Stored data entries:
=== Section Start ===

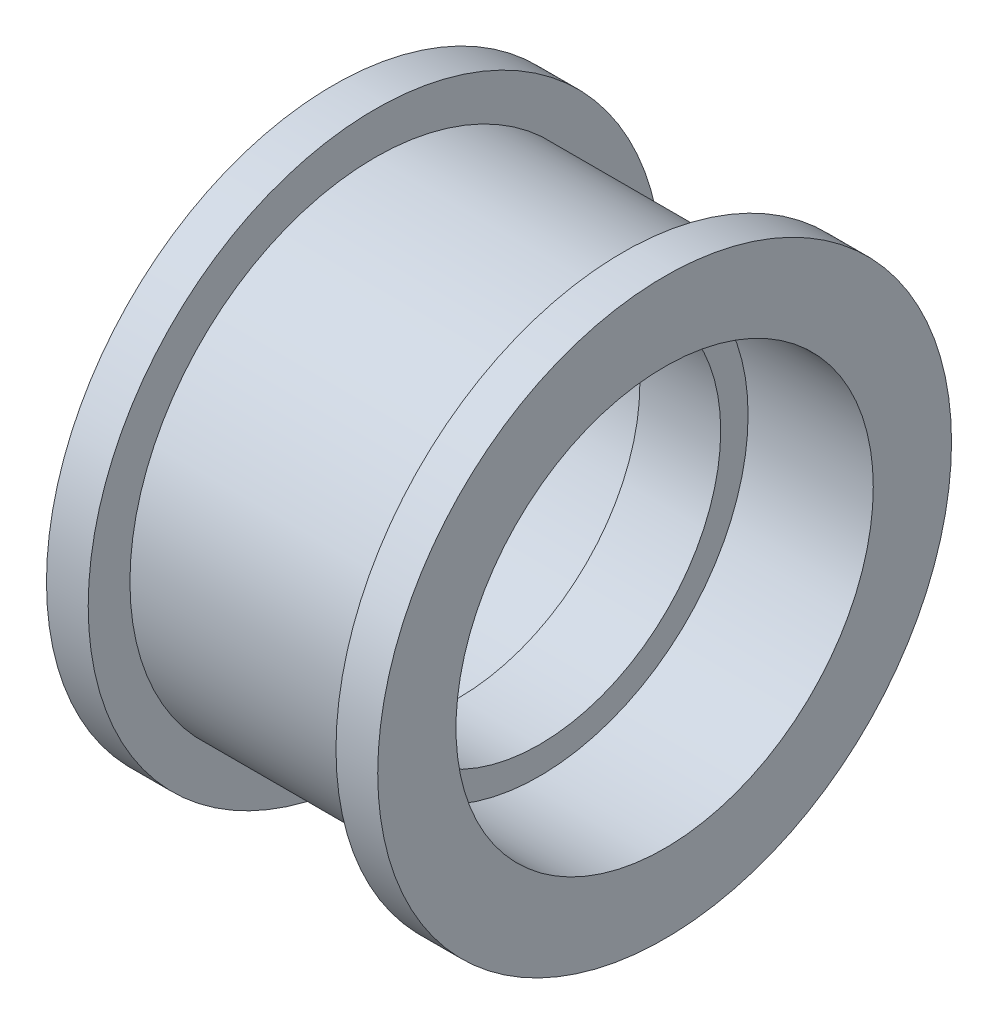
from build123d import *


with BuildPart() as part:
    # Sketch1 → Revolve1 (revolve)
    with BuildSketch(Plane.XY):
        Polygon((1.55, 6.95), (-1.55, 6.95), (-1.55, 8), (-6.35, 8), (-6.35, 11), (-4.75, 11), (-4.75, 9.4), (4.75, 9.4), (4.75, 11), (6.35, 11), (6.35, 8), (1.55, 8), align=None)
    revolve(axis=Axis((0, 0, 0), (-1, 0, 0)))


solid = part.part

=== Section End ===

TASK TO COMPLETE: Find every line in the records that contains the word "with"; copy those lines.

SOLUTION:
with BuildPart() as part:
    with BuildSketch(Plane.XY):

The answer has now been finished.